A guest post by Joshua Bennett.
The travels of Leonard Arrington.
Fourteen hours to Addis. Another three to Tanzania with a squawking chicken in 2b. Leonard wanted a bath.
His company had arranged a swanky tourist hut, including a jacuzzi filled with steaming water.
He lowered himself in, sighing. Pressed the “jets” button. Porcelain nest disturbed, a thousand winged ants shot into the water. Leonard shrieked.
“You can’t stay on a stranger’s couch in Norway,” mother had said. “What if they’re crazy? Axe-murderers?”
At least there won’t be ants, Leonard thought, knocking on their door.
A young couple answered. They smiled, took his bags. “Welcome! How was your trip? Did you know 9/11 was an inside job?”
“And then, we will ride horseback to the Colombian coast and sleep beneath the stars.”
Leonard frowned. “I don’t like bugs.”
“Use mosquito spray,” Maria said helpfully.
Leonard used three cans of Deet to arrive in Tayrona unbitten. There was no Deet left for sleeping beneath the stars.
“You have Dengue Fever,” Maria said helpfully.
The theater was packed with Londoners and foreigners alike. What luck, Leonard thought. Stageside at the Globe!
The costumes were wonderfully gaudy, the action hammed up, Romeo and Juliet convincingly in love.
Leonard swelled, overwhelmed by the richness, the goodness of humanity. He didn’t complain a bit when someone slipped his passport from his pocket.
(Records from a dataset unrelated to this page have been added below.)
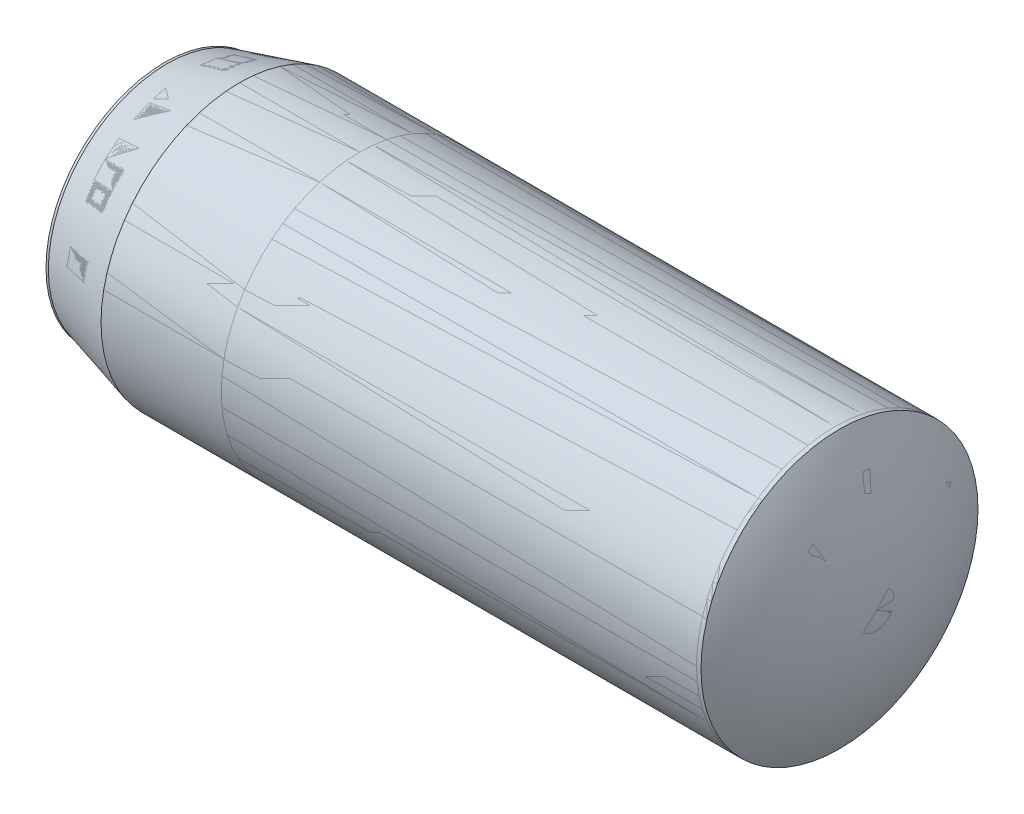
ISO-10303-21;
HEADER;
FILE_DESCRIPTION(('STEP AP214'),'2;1');
FILE_NAME('part.step','',(''),(''),'','','');
FILE_SCHEMA(('AUTOMOTIVE_DESIGN { 1 0 10303 214 1 1 1 1 }'));
ENDSEC;
DATA;
#1=APPLICATION_CONTEXT('core data for automotive mechanical design processes');
#2=APPLICATION_PROTOCOL_DEFINITION('international standard','automotive_design',2000,#1);
#3=PRODUCT_CONTEXT('',#1,'mechanical');
#4=PRODUCT('Part','Part','',(#3));
#5=PRODUCT_RELATED_PRODUCT_CATEGORY('part','',(#4));
#6=PRODUCT_DEFINITION_FORMATION('','',#4);
#7=PRODUCT_DEFINITION_CONTEXT('part definition',#1,'design');
#8=PRODUCT_DEFINITION('design','',#6,#7);
#9=PRODUCT_DEFINITION_SHAPE('','',#8);
#10=(LENGTH_UNIT() NAMED_UNIT(*) SI_UNIT(.MILLI.,.METRE.));
#11=(NAMED_UNIT(*) PLANE_ANGLE_UNIT() SI_UNIT($,.RADIAN.));
#12=(NAMED_UNIT(*) SI_UNIT($,.STERADIAN.) SOLID_ANGLE_UNIT());
#13=UNCERTAINTY_MEASURE_WITH_UNIT(LENGTH_MEASURE(1.E-05),#10,'distance_accuracy_value','');
#14=(GEOMETRIC_REPRESENTATION_CONTEXT(3) GLOBAL_UNCERTAINTY_ASSIGNED_CONTEXT((#13)) GLOBAL_UNIT_ASSIGNED_CONTEXT((#10,
#11,#12)) REPRESENTATION_CONTEXT('',''));
#15=CARTESIAN_POINT('',(0.,0.,0.));
#16=DIRECTION('',(0.,0.,1.));
#17=DIRECTION('',(1.,0.,0.));
#18=AXIS2_PLACEMENT_3D('',#15,#16,#17);
#19=CARTESIAN_POINT('',(1.10000000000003,0.,0.));
#20=DIRECTION('',(1.,0.,0.));
#21=DIRECTION('',(0.,1.,0.));
#22=AXIS2_PLACEMENT_3D('',#19,#20,#21);
#23=CYLINDRICAL_SURFACE('',#22,1.5);
#24=CARTESIAN_POINT('',(7.55000000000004,0.,0.));
#25=DIRECTION('',(1.,0.,0.));
#26=DIRECTION('',(0.,0.,-1.));
#27=AXIS2_PLACEMENT_3D('',#24,#25,#26);
#28=CIRCLE('',#27,1.5);
#29=CARTESIAN_POINT('',(7.55000000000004,0.,-1.50000000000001));
#30=VERTEX_POINT('',#29);
#31=EDGE_CURVE('P0_E363',#30,#30,#28,.T.);
#32=ORIENTED_EDGE('',*,*,#31,.F.);
#33=EDGE_LOOP('',(#32));
#34=FACE_BOUND('',#33,.T.);
#35=CARTESIAN_POINT('',(2.40192378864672,0.,0.));
#36=DIRECTION('',(1.,0.,0.));
#37=DIRECTION('',(0.,0.,-1.));
#38=AXIS2_PLACEMENT_3D('',#35,#36,#37);
#39=CIRCLE('',#38,1.5);
#40=CARTESIAN_POINT('',(2.40192378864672,0.,-1.5));
#41=VERTEX_POINT('',#40);
#42=EDGE_CURVE('P0_E12',#41,#41,#39,.T.);
#43=ORIENTED_EDGE('',*,*,#42,.T.);
#44=EDGE_LOOP('',(#43));
#45=FACE_BOUND('',#44,.T.);
#46=ADVANCED_FACE('P0_F356',(#34,#45),#23,.T.);
#47=ORIENTED_EDGE('',*,*,#42,.F.);
#48=EDGE_LOOP('',(#47));
#49=FACE_BOUND('',#48,.T.);
#50=CARTESIAN_POINT('',(1.10000000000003,0.,0.));
#51=DIRECTION('',(-1.,0.,0.));
#52=DIRECTION('',(0.,0.,1.));
#53=AXIS2_PLACEMENT_3D('',#50,#51,#52);
#54=CIRCLE('',#53,1.5);
#55=CARTESIAN_POINT('',(1.10000000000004,0.,1.50000000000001));
#56=VERTEX_POINT('',#55);
#57=EDGE_CURVE('P0_E371',#56,#56,#54,.T.);
#58=ORIENTED_EDGE('',*,*,#57,.F.);
#59=EDGE_LOOP('',(#58));
#60=FACE_BOUND('',#59,.T.);
#61=ADVANCED_FACE('P0_F358',(#49,#60),#23,.T.);
#62=CARTESIAN_POINT('',(5.00000000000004,0.,0.));
#63=DIRECTION('',(1.,0.,0.));
#64=DIRECTION('',(0.,0.,-1.));
#65=AXIS2_PLACEMENT_3D('',#62,#63,#64);
#66=SPHERICAL_SURFACE('',#65,3.);
#67=CARTESIAN_POINT('',(7.59807621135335,0.,0.));
#68=DIRECTION('',(-1.,0.,0.));
#69=DIRECTION('',(0.,0.,1.));
#70=AXIS2_PLACEMENT_3D('',#67,#68,#69);
#71=CIRCLE('',#70,1.5);
#72=CARTESIAN_POINT('',(7.59807621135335,0.,1.49999999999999));
#73=VERTEX_POINT('',#72);
#74=EDGE_CURVE('P0_E367',#73,#73,#71,.F.);
#75=ORIENTED_EDGE('',*,*,#74,.T.);
#76=EDGE_LOOP('',(#75));
#77=FACE_BOUND('',#76,.T.);
#78=ADVANCED_FACE('P0_F403',(#77),#66,.T.);
#79=CARTESIAN_POINT('',(0.,0.,0.));
#80=DIRECTION('',(1.,0.,0.));
#81=DIRECTION('',(0.,1.,0.));
#82=AXIS2_PLACEMENT_3D('',#79,#80,#81);
#83=CYLINDRICAL_SURFACE('',#82,1.5);
#84=ORIENTED_EDGE('',*,*,#31,.T.);
#85=EDGE_LOOP('',(#84));
#86=FACE_BOUND('',#85,.T.);
#87=ORIENTED_EDGE('',*,*,#74,.F.);
#88=EDGE_LOOP('',(#87));
#89=FACE_BOUND('',#88,.T.);
#90=ADVANCED_FACE('P0_F395',(#86,#89),#83,.T.);
#91=CARTESIAN_POINT('',(0.314999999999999,0.,0.));
#92=DIRECTION('',(1.,0.,0.));
#93=DIRECTION('',(0.,0.,-1.));
#94=AXIS2_PLACEMENT_3D('',#91,#92,#93);
#95=CONICAL_SURFACE('',#94,1.2856406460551,0.266570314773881);
#96=ORIENTED_EDGE('',*,*,#57,.T.);
#97=EDGE_LOOP('',(#96));
#98=FACE_BOUND('',#97,.T.);
#99=CARTESIAN_POINT('',(0.314999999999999,0.,0.));
#100=DIRECTION('',(-1.,0.,0.));
#101=DIRECTION('',(0.,0.,1.));
#102=AXIS2_PLACEMENT_3D('',#99,#100,#101);
#103=CIRCLE('',#102,1.2856406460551);
#104=CARTESIAN_POINT('',(0.315,0.,1.28564064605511));
#105=VERTEX_POINT('',#104);
#106=EDGE_CURVE('P0_E376',#105,#105,#103,.T.);
#107=ORIENTED_EDGE('',*,*,#106,.F.);
#108=EDGE_LOOP('',(#107));
#109=FACE_BOUND('',#108,.T.);
#110=ADVANCED_FACE('P0_F387',(#98,#109),#95,.T.);
#111=CARTESIAN_POINT('',(-8.,0.,0.));
#112=DIRECTION('',(1.,0.,0.));
#113=DIRECTION('',(0.,1.,0.));
#114=AXIS2_PLACEMENT_3D('',#111,#112,#113);
#115=CYLINDRICAL_SURFACE('',#114,1.2856406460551);
#116=ORIENTED_EDGE('',*,*,#106,.T.);
#117=EDGE_LOOP('',(#116));
#118=FACE_BOUND('',#117,.T.);
#119=CARTESIAN_POINT('',(0.289441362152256,0.,0.));
#120=DIRECTION('',(1.,0.,0.));
#121=DIRECTION('',(0.,0.,-1.));
#122=AXIS2_PLACEMENT_3D('',#119,#120,#121);
#123=CIRCLE('',#122,1.2856406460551);
#124=CARTESIAN_POINT('',(0.289441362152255,0.,-1.2856406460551));
#125=VERTEX_POINT('',#124);
#126=EDGE_CURVE('P0_E379',#125,#125,#123,.F.);
#127=ORIENTED_EDGE('',*,*,#126,.F.);
#128=EDGE_LOOP('',(#127));
#129=FACE_BOUND('',#128,.T.);
#130=ADVANCED_FACE('P0_F385',(#118,#129),#115,.T.);
#131=CARTESIAN_POINT('',(3.00000000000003,0.,0.));
#132=DIRECTION('',(1.,0.,0.));
#133=DIRECTION('',(0.,0.,-1.));
#134=AXIS2_PLACEMENT_3D('',#131,#132,#133);
#135=SPHERICAL_SURFACE('',#134,3.);
#136=ORIENTED_EDGE('',*,*,#126,.T.);
#137=EDGE_LOOP('',(#136));
#138=FACE_BOUND('',#137,.T.);
#139=ADVANCED_FACE('P0_F383',(#138),#135,.T.);
#140=CLOSED_SHELL('',(#46,#61,#78,#90,#110,#130,#139));
#141=MANIFOLD_SOLID_BREP('P0_B2',#140);
#142=CARTESIAN_POINT('',(1.1,0.,0.));
#143=DIRECTION('',(1.,0.,0.));
#144=DIRECTION('',(0.,1.,0.));
#145=AXIS2_PLACEMENT_3D('',#142,#143,#144);
#146=CYLINDRICAL_SURFACE('',#145,1.5);
#147=CARTESIAN_POINT('',(7.55,0.,0.));
#148=DIRECTION('',(1.,0.,0.));
#149=DIRECTION('',(0.,0.,-1.));
#150=AXIS2_PLACEMENT_3D('',#147,#148,#149);
#151=CIRCLE('',#150,1.5);
#152=CARTESIAN_POINT('',(7.55,0.,-1.5));
#153=VERTEX_POINT('',#152);
#154=EDGE_CURVE('P1_E20',#153,#153,#151,.T.);
#155=ORIENTED_EDGE('',*,*,#154,.F.);
#156=EDGE_LOOP('',(#155));
#157=FACE_BOUND('',#156,.T.);
#158=CARTESIAN_POINT('',(2.40192378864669,0.,0.));
#159=DIRECTION('',(1.,0.,0.));
#160=DIRECTION('',(0.,0.,-1.));
#161=AXIS2_PLACEMENT_3D('',#158,#159,#160);
#162=CIRCLE('',#161,1.5);
#163=CARTESIAN_POINT('',(2.40192378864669,0.,-1.5));
#164=VERTEX_POINT('',#163);
#165=EDGE_CURVE('P1_E9',#164,#164,#162,.T.);
#166=ORIENTED_EDGE('',*,*,#165,.T.);
#167=EDGE_LOOP('',(#166));
#168=FACE_BOUND('',#167,.T.);
#169=ADVANCED_FACE('P1_F13',(#157,#168),#146,.T.);
#170=ORIENTED_EDGE('',*,*,#165,.F.);
#171=EDGE_LOOP('',(#170));
#172=FACE_BOUND('',#171,.T.);
#173=CARTESIAN_POINT('',(1.1,0.,0.));
#174=DIRECTION('',(-1.,0.,0.));
#175=DIRECTION('',(0.,0.,1.));
#176=AXIS2_PLACEMENT_3D('',#173,#174,#175);
#177=CIRCLE('',#176,1.5);
#178=CARTESIAN_POINT('',(1.1,0.,1.5));
#179=VERTEX_POINT('',#178);
#180=EDGE_CURVE('P1_E28',#179,#179,#177,.T.);
#181=ORIENTED_EDGE('',*,*,#180,.F.);
#182=EDGE_LOOP('',(#181));
#183=FACE_BOUND('',#182,.T.);
#184=ADVANCED_FACE('P1_F15',(#172,#183),#146,.T.);
#185=CARTESIAN_POINT('',(5.,0.,0.));
#186=DIRECTION('',(1.,0.,0.));
#187=DIRECTION('',(0.,0.,-1.));
#188=AXIS2_PLACEMENT_3D('',#185,#186,#187);
#189=SPHERICAL_SURFACE('',#188,3.);
#190=CARTESIAN_POINT('',(7.59807621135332,0.,0.));
#191=DIRECTION('',(-1.,0.,0.));
#192=DIRECTION('',(0.,0.,1.));
#193=AXIS2_PLACEMENT_3D('',#190,#191,#192);
#194=CIRCLE('',#193,1.5);
#195=CARTESIAN_POINT('',(7.59807621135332,0.,1.5));
#196=VERTEX_POINT('',#195);
#197=EDGE_CURVE('P1_E24',#196,#196,#194,.F.);
#198=ORIENTED_EDGE('',*,*,#197,.T.);
#199=EDGE_LOOP('',(#198));
#200=FACE_BOUND('',#199,.T.);
#201=ADVANCED_FACE('P1_F51',(#200),#189,.T.);
#202=CARTESIAN_POINT('',(0.,0.,0.));
#203=DIRECTION('',(1.,0.,0.));
#204=DIRECTION('',(0.,1.,0.));
#205=AXIS2_PLACEMENT_3D('',#202,#203,#204);
#206=CYLINDRICAL_SURFACE('',#205,1.5);
#207=ORIENTED_EDGE('',*,*,#154,.T.);
#208=EDGE_LOOP('',(#207));
#209=FACE_BOUND('',#208,.T.);
#210=ORIENTED_EDGE('',*,*,#197,.F.);
#211=EDGE_LOOP('',(#210));
#212=FACE_BOUND('',#211,.T.);
#213=ADVANCED_FACE('P1_F47',(#209,#212),#206,.T.);
#214=CARTESIAN_POINT('',(0.314999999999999,0.,0.));
#215=DIRECTION('',(1.,0.,0.));
#216=DIRECTION('',(0.,0.,-1.));
#217=AXIS2_PLACEMENT_3D('',#214,#215,#216);
#218=CONICAL_SURFACE('',#217,1.2856406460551,0.266570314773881);
#219=ORIENTED_EDGE('',*,*,#180,.T.);
#220=EDGE_LOOP('',(#219));
#221=FACE_BOUND('',#220,.T.);
#222=CARTESIAN_POINT('',(0.314999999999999,0.,0.));
#223=DIRECTION('',(-1.,0.,0.));
#224=DIRECTION('',(0.,0.,1.));
#225=AXIS2_PLACEMENT_3D('',#222,#223,#224);
#226=CIRCLE('',#225,1.2856406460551);
#227=CARTESIAN_POINT('',(0.314999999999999,0.,1.2856406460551));
#228=VERTEX_POINT('',#227);
#229=EDGE_CURVE('P1_E33',#228,#228,#226,.T.);
#230=ORIENTED_EDGE('',*,*,#229,.F.);
#231=EDGE_LOOP('',(#230));
#232=FACE_BOUND('',#231,.T.);
#233=ADVANCED_FACE('P1_F43',(#221,#232),#218,.T.);
#234=CARTESIAN_POINT('',(-8.,0.,0.));
#235=DIRECTION('',(1.,0.,0.));
#236=DIRECTION('',(0.,1.,0.));
#237=AXIS2_PLACEMENT_3D('',#234,#235,#236);
#238=CYLINDRICAL_SURFACE('',#237,1.2856406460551);
#239=ORIENTED_EDGE('',*,*,#229,.T.);
#240=EDGE_LOOP('',(#239));
#241=FACE_BOUND('',#240,.T.);
#242=CARTESIAN_POINT('',(0.289441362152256,0.,0.));
#243=DIRECTION('',(1.,0.,0.));
#244=DIRECTION('',(0.,0.,-1.));
#245=AXIS2_PLACEMENT_3D('',#242,#243,#244);
#246=CIRCLE('',#245,1.2856406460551);
#247=CARTESIAN_POINT('',(0.289441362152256,0.,-1.2856406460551));
#248=VERTEX_POINT('',#247);
#249=EDGE_CURVE('P1_E36',#248,#248,#246,.F.);
#250=ORIENTED_EDGE('',*,*,#249,.F.);
#251=EDGE_LOOP('',(#250));
#252=FACE_BOUND('',#251,.T.);
#253=ADVANCED_FACE('P1_F42',(#241,#252),#238,.T.);
#254=CARTESIAN_POINT('',(3.,0.,0.));
#255=DIRECTION('',(1.,0.,0.));
#256=DIRECTION('',(0.,0.,-1.));
#257=AXIS2_PLACEMENT_3D('',#254,#255,#256);
#258=SPHERICAL_SURFACE('',#257,3.);
#259=ORIENTED_EDGE('',*,*,#249,.T.);
#260=EDGE_LOOP('',(#259));
#261=FACE_BOUND('',#260,.T.);
#262=ADVANCED_FACE('P1_F40',(#261),#258,.T.);
#263=CLOSED_SHELL('',(#169,#184,#201,#213,#233,#253,#262));
#264=MANIFOLD_SOLID_BREP('P1_B1',#263);
#265=ADVANCED_BREP_SHAPE_REPRESENTATION('',(#18,#141,#264),#14);
#266=SHAPE_DEFINITION_REPRESENTATION(#9,#265);
ENDSEC;
END-ISO-10303-21;

An experience that will forever change you!
It was a magical wedding. Leonard and Summer were enraptured. Next, a honeymoon in St. Lucia!
The red bumps mysteriously appeared after a day lying on the beach. Thin white lines squiggled underneath the skin between. Summer had two. Leonard had one hundred twenty seven across his back.
WebMD had a diagnosis:
Author Joshua David Bennett may have drawn all of these stories from his own painful and invasive experiences. His first novel, Seacaster, is a Caribbean-Aztec fantasy that tells the story of a young man at war with the magic coursing through his veins. Joshua lives in Colorado with his subcutaneous worms, wife and son.
Leonard Arrington? Huh… https://www.amazon.com/dp/0252023811
Funny, I futzed with the name a fair amount before landing on the one that sounded most nebbishly. Wait, is nebbishly a word?
It is now. (:
Summer only had 2 worms? Poor Leonard was just too tempting a dish.